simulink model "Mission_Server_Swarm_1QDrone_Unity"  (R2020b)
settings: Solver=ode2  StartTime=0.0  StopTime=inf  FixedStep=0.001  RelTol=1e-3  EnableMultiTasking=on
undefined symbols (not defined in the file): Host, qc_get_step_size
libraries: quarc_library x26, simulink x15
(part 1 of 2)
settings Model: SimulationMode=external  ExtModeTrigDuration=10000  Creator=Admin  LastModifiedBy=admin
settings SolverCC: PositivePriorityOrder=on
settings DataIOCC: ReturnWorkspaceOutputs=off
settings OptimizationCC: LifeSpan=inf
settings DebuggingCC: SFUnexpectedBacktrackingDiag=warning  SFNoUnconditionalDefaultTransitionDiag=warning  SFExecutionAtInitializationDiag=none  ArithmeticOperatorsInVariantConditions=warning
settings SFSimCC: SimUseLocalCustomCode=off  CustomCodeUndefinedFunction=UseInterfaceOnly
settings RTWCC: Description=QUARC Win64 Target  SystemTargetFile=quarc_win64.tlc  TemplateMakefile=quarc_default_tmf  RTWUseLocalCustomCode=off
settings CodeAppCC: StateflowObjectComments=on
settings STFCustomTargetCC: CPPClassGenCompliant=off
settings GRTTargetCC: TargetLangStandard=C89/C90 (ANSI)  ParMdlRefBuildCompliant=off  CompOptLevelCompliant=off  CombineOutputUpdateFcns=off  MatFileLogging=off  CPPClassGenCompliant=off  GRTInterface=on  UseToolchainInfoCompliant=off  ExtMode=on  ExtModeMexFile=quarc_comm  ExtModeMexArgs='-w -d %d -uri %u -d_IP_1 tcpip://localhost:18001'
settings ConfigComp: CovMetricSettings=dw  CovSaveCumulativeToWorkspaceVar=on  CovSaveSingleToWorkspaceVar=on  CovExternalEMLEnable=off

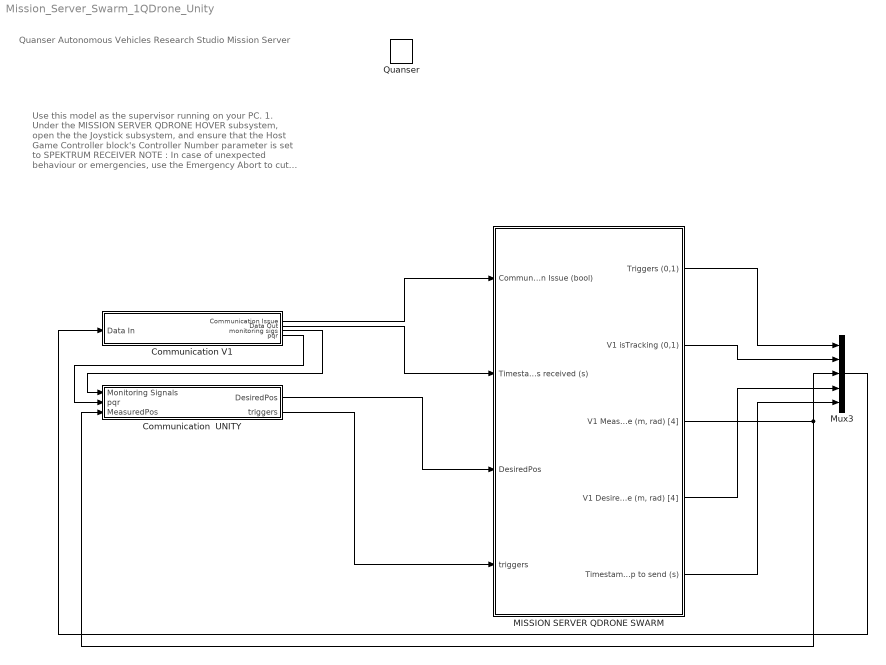
== system Mission_Server_Swarm_1QDrone_Unity ==
  note: Use this model as the supervisor running on your PC.
      |
      | 1. Under the MISSION SERVER QDRONE HOVER subsystem, open the the Joystick subsystem, and ensure that the Host Game Controller block's Controller Number parameter is set to SPEKTRUM RECEIVER
      | NOTE : In case of unexpected behaviour or emergencies, use the Emergency Abort to cut all power to the motors (this will result in the drone falling). This
      | 2. Open the Data Server (Localization) subsystem and follow the steps there.
      | 3. Under the QUARC menu, click on Build .
      | 4. Under the QUARC menu, click on Start . Wait for the model to start running.
      | 5. Ensure that the isTracking? display shows 1 and that the Joystick Issue display shows 0 (joystick must be powered ON with USB dongle attached to the PC).
      | NOTE : that the Comm Issue with Commander display SHOULD display 0 until the Commander_Stabilizer model is running. When it is running, this display should show 1.
  note: Quanser Autonomous Vehicles Research Studio
      | Mission Server
  Communication  UNITY : Subsystem
  Communication V1 : Subsystem
  MISSION SERVER QDRONE SWARM : Subsystem
  Mux3 : Mux  Inputs=5
  Quanser : quarc_library/Logos/Quanser
  wires:
  MISSION SERVER QDRONE SWARM/5(Timestamp to send (s)) -> Mux3/5
  Mux3/1 -> Communication V1/1(Data In)
  Communication V1/1(Communication Issue) -> MISSION SERVER QDRONE SWARM/1("Communication Issue (bool) ")
  Communication V1/2(Data Out) -> MISSION SERVER QDRONE SWARM/2("Timestamps received (s) ")
  MISSION SERVER QDRONE SWARM/3("V1 Measured Pose (m, rad) [4]") -> Mux3/3, Communication  UNITY/3(MeasuredPos)
  MISSION SERVER QDRONE SWARM/4("V1 Desired Pose (m, rad) [4]") -> Mux3/4
  MISSION SERVER QDRONE SWARM/1(Triggers (0,1)) -> Mux3/1
  MISSION SERVER QDRONE SWARM/2(V1 isTracking (0,1)) -> Mux3/2
  Communication V1/3(monitoring sigs) -> Communication  UNITY/1(Monitoring Signals)
  Communication  UNITY/1(DesiredPos) -> MISSION SERVER QDRONE SWARM/3(DesiredPos)
  Communication  UNITY/2(triggers) -> MISSION SERVER QDRONE SWARM/4(triggers)
  Communication V1/4(pqr) -> Communication  UNITY/2(pqr)

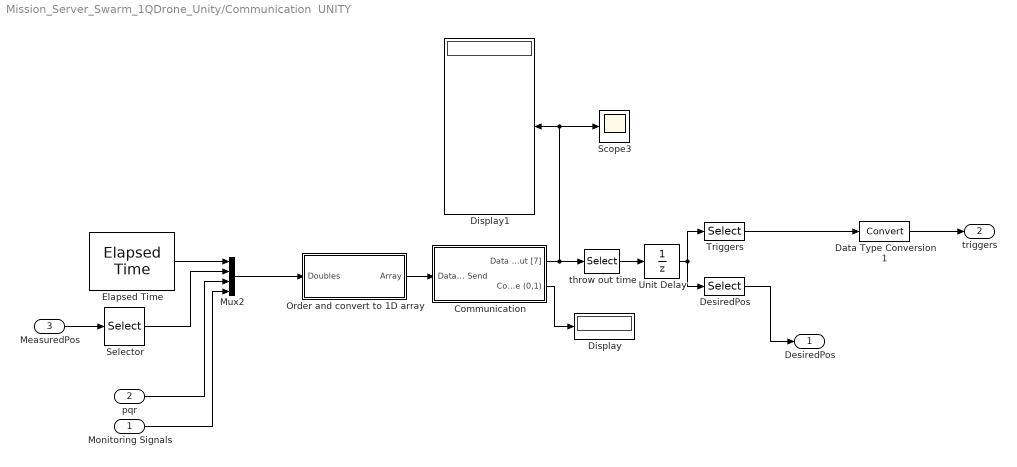
== system Mission_Server_Swarm_1QDrone_Unity/Communication  UNITY ==
  Monitoring Signals : Inport
  pqr : Inport  Port=2
  MeasuredPos : Inport  Port=3
  Communication : Subsystem
  Data Type Conversion1 : DataTypeConversion
  "DesiredPos " : Selector  InputPortWidth=7  IndexOptions=Index vector (dialog)  Indices=[4:7]  OutputSizes=1
  Display : Display
  Display1 : Display
  Elapsed Time : quarc_library/Advanced/Timing/Elapsed Time  start_src=off  sample_time=-1
      settings: SourceProductName=QUARC Targets
  Mux2 : Mux
  Order and convert to 1D array : Subsystem
  Scope3 : Scope
  Selector : Selector  InputPortWidth=4  IndexOptions=Index vector (dialog)  Indices=[1:3]  OutputSizes=1
  Triggers : Selector  InputPortWidth=7  IndexOptions=Index vector (dialog)  Indices=[1:3]  OutputSizes=1
  Unit Delay : UnitDelay  InitialCondition=zeros(1,7)  SampleTime=-1  HasFrameUpgradeWarning=on
  throw out time : Selector  InputPortWidth=8  IndexOptions=Index vector (dialog)  Indices=[2:8]  OutputSizes=1
  DesiredPos : Outport
  triggers : Outport  Port=2
  wires:
  Mux2/1 -> Order and convert to 1D array/1(Doubles)
  Elapsed Time/1 -> Mux2/1
  Order and convert to 1D array/1("Array ") -> Communication/1("Data to Send ")
  Communication/1(Data Out [7]) -> throw out time/1, Scope3/1, Display1/1
  Communication/2(Communication Issue (0,1)) -> Display/1
  MeasuredPos/1 -> Selector/1
  Monitoring Signals/1 -> Mux2/4
  "DesiredPos "/1 -> DesiredPos/1
  pqr/1 -> Mux2/3
  Triggers/1 -> Data Type Conversion1/1
  Data Type Conversion1/1 -> triggers/1
  Unit Delay/1 -> "DesiredPos "/1, Triggers/1
  throw out time/1 -> Unit Delay/1
  Selector/1 -> Mux2/2

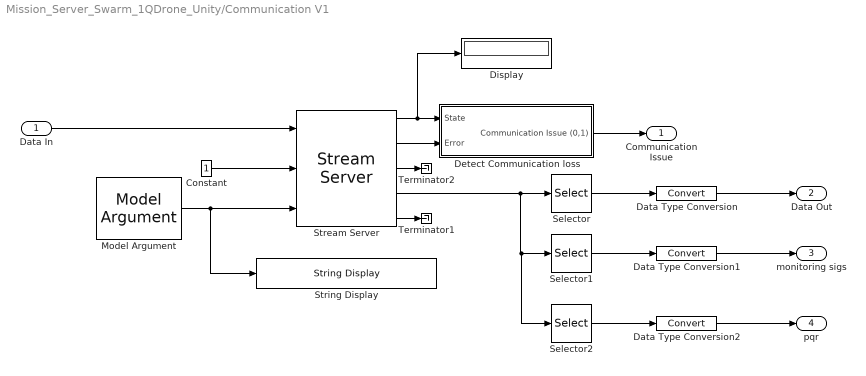
== system Mission_Server_Swarm_1QDrone_Unity/Communication V1 ==
  Data In : Inport
  Constant : Constant
  Data Type Conversion : DataTypeConversion
  Data Type Conversion1 : DataTypeConversion
  Data Type Conversion2 : DataTypeConversion
  Detect Communication loss : Subsystem
  Display : Display
  Model Argument : quarc_library/Sources/Signals/Model Argument  argument_name=d_IP_1  has_value=on  data_type_mode=Specify via dialog  data_type=char  max_length=80  variable_size=off
      settings: AttributesFormatString=(-%<argument_name>)  SourceProductName=QUARC Targets
  Selector : Selector  InputPortWidth=24  IndexOptions=Index vector (dialog)  Indices=[1]  OutputSizes=1
  Selector1 : Selector  InputPortWidth=24  IndexOptions=Index vector (dialog)  Indices=[2:21]  OutputSizes=1
  Selector2 : Selector  InputPortWidth=24  IndexOptions=Index vector (dialog)  Indices=[22:24]  OutputSizes=1
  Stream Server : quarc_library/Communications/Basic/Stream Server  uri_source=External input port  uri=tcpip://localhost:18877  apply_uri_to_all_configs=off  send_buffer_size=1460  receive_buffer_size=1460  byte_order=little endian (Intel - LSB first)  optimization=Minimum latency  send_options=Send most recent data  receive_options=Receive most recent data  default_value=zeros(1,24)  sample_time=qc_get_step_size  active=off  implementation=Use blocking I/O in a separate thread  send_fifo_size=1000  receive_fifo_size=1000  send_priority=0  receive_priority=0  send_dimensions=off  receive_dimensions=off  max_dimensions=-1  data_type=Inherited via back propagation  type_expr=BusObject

○ ○ ○ ○ ○

- _What you should do_
Skip the images and set down the rest of the data unchanged.

- _Final answer_
simulink model "Mission_Server_Swarm_1QDrone_Unity"  (R2020b)
settings: Solver=ode2  StartTime=0.0  StopTime=inf  FixedStep=0.001  RelTol=1e-3  EnableMultiTasking=on
undefined symbols (not defined in the file): Host, qc_get_step_size
libraries: quarc_library x26, simulink x15
(part 1 of 2)
settings Model: SimulationMode=external  ExtModeTrigDuration=10000  Creator=Admin  LastModifiedBy=admin
settings SolverCC: PositivePriorityOrder=on
settings DataIOCC: ReturnWorkspaceOutputs=off
settings OptimizationCC: LifeSpan=inf
settings DebuggingCC: SFUnexpectedBacktrackingDiag=warning  SFNoUnconditionalDefaultTransitionDiag=warning  SFExecutionAtInitializationDiag=none  ArithmeticOperatorsInVariantConditions=warning
settings SFSimCC: SimUseLocalCustomCode=off  CustomCodeUndefinedFunction=UseInterfaceOnly
settings RTWCC: Description=QUARC Win64 Target  SystemTargetFile=quarc_win64.tlc  TemplateMakefile=quarc_default_tmf  RTWUseLocalCustomCode=off
settings CodeAppCC: StateflowObjectComments=on
settings STFCustomTargetCC: CPPClassGenCompliant=off
settings GRTTargetCC: TargetLangStandard=C89/C90 (ANSI)  ParMdlRefBuildCompliant=off  CompOptLevelCompliant=off  CombineOutputUpdateFcns=off  MatFileLogging=off  CPPClassGenCompliant=off  GRTInterface=on  UseToolchainInfoCompliant=off  ExtMode=on  ExtModeMexFile=quarc_comm  ExtModeMexArgs='-w -d %d -uri %u -d_IP_1 tcpip://localhost:18001'
settings ConfigComp: CovMetricSettings=dw  CovSaveCumulativeToWorkspaceVar=on  CovSaveSingleToWorkspaceVar=on  CovExternalEMLEnable=off

== system Mission_Server_Swarm_1QDrone_Unity ==
  note: Use this model as the supervisor running on your PC.
      |
      | 1. Under the MISSION SERVER QDRONE HOVER subsystem, open the the Joystick subsystem, and ensure that the Host Game Controller block's Controller Number parameter is set to SPEKTRUM RECEIVER
      | NOTE : In case of unexpected behaviour or emergencies, use the Emergency Abort to cut all power to the motors (this will result in the drone falling). This
      | 2. Open the Data Server (Localization) subsystem and follow the steps there.
      | 3. Under the QUARC menu, click on Build .
      | 4. Under the QUARC menu, click on Start . Wait for the model to start running.
      | 5. Ensure that the isTracking? display shows 1 and that the Joystick Issue display shows 0 (joystick must be powered ON with USB dongle attached to the PC).
      | NOTE : that the Comm Issue with Commander display SHOULD display 0 until the Commander_Stabilizer model is running. When it is running, this display should show 1.
  note: Quanser Autonomous Vehicles Research Studio
      | Mission Server
  Communication  UNITY : Subsystem
  Communication V1 : Subsystem
  MISSION SERVER QDRONE SWARM : Subsystem
  Mux3 : Mux  Inputs=5
  Quanser : quarc_library/Logos/Quanser
  wires:
  MISSION SERVER QDRONE SWARM/5(Timestamp to send (s)) -> Mux3/5
  Mux3/1 -> Communication V1/1(Data In)
  Communication V1/1(Communication Issue) -> MISSION SERVER QDRONE SWARM/1("Communication Issue (bool) ")
  Communication V1/2(Data Out) -> MISSION SERVER QDRONE SWARM/2("Timestamps received (s) ")
  MISSION SERVER QDRONE SWARM/3("V1 Measured Pose (m, rad) [4]") -> Mux3/3, Communication  UNITY/3(MeasuredPos)
  MISSION SERVER QDRONE SWARM/4("V1 Desired Pose (m, rad) [4]") -> Mux3/4
  MISSION SERVER QDRONE SWARM/1(Triggers (0,1)) -> Mux3/1
  MISSION SERVER QDRONE SWARM/2(V1 isTracking (0,1)) -> Mux3/2
  Communication V1/3(monitoring sigs) -> Communication  UNITY/1(Monitoring Signals)
  Communication  UNITY/1(DesiredPos) -> MISSION SERVER QDRONE SWARM/3(DesiredPos)
  Communication  UNITY/2(triggers) -> MISSION SERVER QDRONE SWARM/4(triggers)
  Communication V1/4(pqr) -> Communication  UNITY/2(pqr)

== system Mission_Server_Swarm_1QDrone_Unity/Communication  UNITY ==
  Monitoring Signals : Inport
  pqr : Inport  Port=2
  MeasuredPos : Inport  Port=3
  Communication : Subsystem
  Data Type Conversion1 : DataTypeConversion
  "DesiredPos " : Selector  InputPortWidth=7  IndexOptions=Index vector (dialog)  Indices=[4:7]  OutputSizes=1
  Display : Display
  Display1 : Display
  Elapsed Time : quarc_library/Advanced/Timing/Elapsed Time  start_src=off  sample_time=-1
      settings: SourceProductName=QUARC Targets
  Mux2 : Mux
  Order and convert to 1D array : Subsystem
  Scope3 : Scope
  Selector : Selector  InputPortWidth=4  IndexOptions=Index vector (dialog)  Indices=[1:3]  OutputSizes=1
  Triggers : Selector  InputPortWidth=7  IndexOptions=Index vector (dialog)  Indices=[1:3]  OutputSizes=1
  Unit Delay : UnitDelay  InitialCondition=zeros(1,7)  SampleTime=-1  HasFrameUpgradeWarning=on
  throw out time : Selector  InputPortWidth=8  IndexOptions=Index vector (dialog)  Indices=[2:8]  OutputSizes=1
  DesiredPos : Outport
  triggers : Outport  Port=2
  wires:
  Mux2/1 -> Order and convert to 1D array/1(Doubles)
  Elapsed Time/1 -> Mux2/1
  Order and convert to 1D array/1("Array ") -> Communication/1("Data to Send ")
  Communication/1(Data Out [7]) -> throw out time/1, Scope3/1, Display1/1
  Communication/2(Communication Issue (0,1)) -> Display/1
  MeasuredPos/1 -> Selector/1
  Monitoring Signals/1 -> Mux2/4
  "DesiredPos "/1 -> DesiredPos/1
  pqr/1 -> Mux2/3
  Triggers/1 -> Data Type Conversion1/1
  Data Type Conversion1/1 -> triggers/1
  Unit Delay/1 -> "DesiredPos "/1, Triggers/1
  throw out time/1 -> Unit Delay/1
  Selector/1 -> Mux2/2

== system Mission_Server_Swarm_1QDrone_Unity/Communication V1 ==
  Data In : Inport
  Constant : Constant
  Data Type Conversion : DataTypeConversion
  Data Type Conversion1 : DataTypeConversion
  Data Type Conversion2 : DataTypeConversion
  Detect Communication loss : Subsystem
  Display : Display
  Model Argument : quarc_library/Sources/Signals/Model Argument  argument_name=d_IP_1  has_value=on  data_type_mode=Specify via dialog  data_type=char  max_length=80  variable_size=off
      settings: AttributesFormatString=(-%<argument_name>)  SourceProductName=QUARC Targets
  Selector : Selector  InputPortWidth=24  IndexOptions=Index vector (dialog)  Indices=[1]  OutputSizes=1
  Selector1 : Selector  InputPortWidth=24  IndexOptions=Index vector (dialog)  Indices=[2:21]  OutputSizes=1
  Selector2 : Selector  InputPortWidth=24  IndexOptions=Index vector (dialog)  Indices=[22:24]  OutputSizes=1
  Stream Server : quarc_library/Communications/Basic/Stream Server  uri_source=External input port  uri=tcpip://localhost:18877  apply_uri_to_all_configs=off  send_buffer_size=1460  receive_buffer_size=1460  byte_order=little endian (Intel - LSB first)  optimization=Minimum latency  send_options=Send most recent data  receive_options=Receive most recent data  default_value=zeros(1,24)  sample_time=qc_get_step_size  active=off  implementation=Use blocking I/O in a separate thread  send_fifo_size=1000  receive_fifo_size=1000  send_priority=0  receive_priority=0  send_dimensions=off  receive_dimensions=off  max_dimensions=-1  data_type=Inherited via back propagation  type_expr=BusObject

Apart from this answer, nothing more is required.